Just after dawn the next day, the party arrives at the reeves HQ, to find Sir Derrick still working on defensive plans. He tells the party that although he doesn't fully trust Thrask, he feels there is enough truth to the tale to warrant a strike against the Morak-Hrazzt. The party agrees and accepts the mission. The reeve gives the party three potions of healing, a potion of goblin control, and a tactical map of the area, as well as rations and general supplies for thier journey. He shows them the general location of the goblin village on the map, and tells them that an abandoned mine overlooks the village. From talking to Thrask the party learned the the giant gobllin lairs in the old mine, so setting out that is thier objective. 

Traveling north along the river the party passes many families from outlying farms heading towards the safety of Goblins Tooth. About noon they come across a farmer who is busy working with a pair of fine oxen. Stopping to chat the party learns that the farmers sons are both members of the militia, and that he was left to work his lands alone. He does say, however, that he found these two oxen just yesterday, and they would greatly aid his work. He further goes on to tell them that he knows the oxen once belonged to a prospector who traveled this way just over a week ago. The farmer claims that the prospector had a strange wagon(made of whole logs rather than slatted wood) and was quite rude. Also the prospector ignored the farmers warnings of traveling into either the swamp or the hills.(The party decides that the wagon was probably to double as a raft, and notes that the wagon was headed towards the swamp.) 
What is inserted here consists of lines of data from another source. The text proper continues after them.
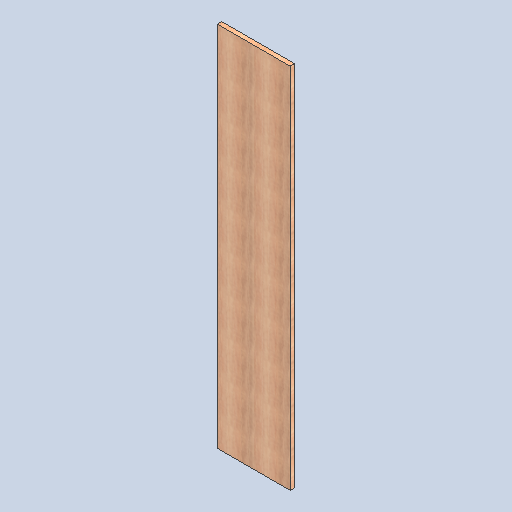
# Autodesk Inventor part: madeiraControladora
Saved by Autodesk Inventor 2025 (Build 290162000, 162)
## iProperties
Created: 2022-08-17
Part Number: madeiraControladora
Material: Generic
Document SubType Name: Modeling
Designer: cvss2
Density: 1 g/cm^3
Appearance: Default
Author: cvss2
Autodesk Inventor part; units mm, degrees
ref_plane "YZ Plane" through (0, 0, 0) normal (1, 0, 0) x (0, 1, 0)
ref_plane "XZ Plane" through (0, 0, 0) normal (0, 1, 0) x (-1, 0, 0)
ref_plane "XY Plane" through (0, 0, 0) normal (0, 0, 1) x (1, 0, 0)
sketch "Sketch1" plane through (0, 0, 0) normal (0, 0, 1) x (1, 0, 0)
  line L0 (0, 0) -> (-494, 0)
  line L1 (-494, 0) -> (-494, -2494)
  line L2 (-494, -2494) -> (0, -2494)
  line L3 (0, -2494) -> (0, 0)
  dimension "d0" = 494
  dimension "d1" = 2494
  constraints: 8 end point, 2 parallel, 1 horizontal, 1 perpendicular
  measures "d0" distance of L2.end L1.end
  measures "d1" distance of L1.end L0.end
extrude "Extrusion1" add sketch "Sketch1" along normal blind 30
body "Solid1"
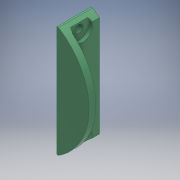
# Autodesk Inventor part: 05-01-Кронштейн низ защита (update)
Saved by Autodesk Inventor 2018 (Build 220112000, 112)
## iProperties
Created: 2018-12-08
Part Number: 05-01-Кронштейн низ защита (update)
Material: Типовые
Document SubType Name: Modeling
Designer: RR
Density: 1 g/cm^3
Appearance: Гладкий — темный цвет морской волны
Author: RR
Autodesk Inventor part; units mm, degrees
ref_plane "YZ Plane" through (0, 0, 0) normal (1, 0, 0) x (0, 1, 0)
ref_plane "XZ Plane" through (0, 0, 0) normal (0, 1, 0) x (-1, 0, 0)
ref_plane "XY Plane" through (0, 0, 0) normal (0, 0, 1) x (1, 0, 0)
sketch "Эскиз1" plane through (0, 0, 0) normal (0, 1, 0) x (-1, 0, 0)
  line L0 (0, -56) -> (0, -121)
  line L1 (0, -56) -> (-1, -56)
  line L2 (0, -56) -> (1, -56) construction
  line L3 (0, -121) -> (-1, -121)
  line L4 (0, -121) -> (1, -121) construction
  arc A0 (-1, -56) -> (-1, -121) centre (19.5, -88.5) ccw
  dimension "d5" = 65
  dimension "d6" = 1
  dimension "d7" = 180
  dimension "d8" = 1
  dimension "d9" = 180
  constraints: 10 end point, 4 horizontal, 2 collinear, 2 point on circle, 1 centre point, 1 vertical
  measures "d5" distance of L0.start L0.end
  measures "d6" distance of L0.start L1.end
  measures "d7" angle of L1 L2
  measures "d8" distance of L0.end L3.end
  measures "d9" angle of L3 L4
extrude "Выдавливание1" add sketch "Эскиз1" along normal blind 4
sketch "Эскиз2" plane through (0, 4, 0) normal (0, 1, 0) x (1, 0, 0)
  line L0 (0, 121) -> (0, 56) projected
  line L1 (0, 56) -> (0, 121)
  line L2 (0, 121) -> (1, 121)
  line L3 (0, 56) -> (1, 56)
  arc A0 (1, 56) -> (1, 121) centre (-19.5, 88.5) ccw projected
  line L4 (5, 58.8985) -> (5, 118.1015)
  arc A1 (1, 56) -> (5, 58.8985) centre (-19.5, 88.5) ccw
  arc A2 (5, 118.1015) -> (1, 121) centre (-19.5, 88.5) ccw
  point P0 (0, 0)
  constraints: 8 end point, 4 point on circle, 2 centre point, 1 collinear, 1 horizontal, 1 perpendicular
extrude "Выдавливание2" add sketch "Эскиз2" along normal blind 16 contours L2 A0 L4 L3 L0
sketch "Эскиз3" plane through (0, 0, -121) normal (-1, 0, 0) x (0, 0, 1)
  line L0 (65, 0) -> (0, 0) projected
  line L1 (32.5, 0) -> (32.5, 20)
  line L2 (0, 20) -> (65, 20) projected
  line L3 (4.5, 10) -> (60.5, 10)
  circle A0 centre (4.5, 10) radius 2.25
  circle A1 centre (60.5, 10) radius 2.25
  point P0 (121, 0)
  dimension "d17" = 4.5
  dimension "d18" = 4.5
  constraints: 4 end point, 2 centre point, 2 coincident, 2 midpoint
  measures "d17" diameter of A0
  measures "d18" diameter of A1
extrude "Выдавливание3" cut sketch "Эскиз3" against normal blind 5
sketch "Эскиз4" plane through (5, 4, -58.8985) normal (1, 0, 0) x (0, 0, -1)
  arc A0 (0, 4.4196) -> (0, 7.5804) centre (1.6015, 6) ccw projected
  circle A1 centre (1.6015, 6) radius 6
  line L0 (59.203, 0) -> (0, 0) projected
  arc A2 (59.203, 7.5804) -> (59.203, 4.4196) centre (57.6015, 6) ccw projected
  circle A3 centre (57.6015, 6) radius 6
  point P0 (-58.8985, -4)
  constraints: 2 centre point, 2 coincident, 1 tangent
extrude "Выдавливание4" cut sketch "Эскиз4" against normal blind 2

The party decides to travel further north and avoid the swamp altogether, prefering the rugged hills to the swamp. Late in the day the party leaves the river and turns west towards the hills. By dark they reached the beginings of the Wildwolfe Hills, and decide to camp. During the night thier rest is interupted by three fire beetles foraging for food. A quick 'sleep' spell by Necromos stops all three and the party quickly ends the threat. The rest of the night passes uneventfully, and early the next day the party is prepared to continue thier westward journey into the Wildwolfe hills. 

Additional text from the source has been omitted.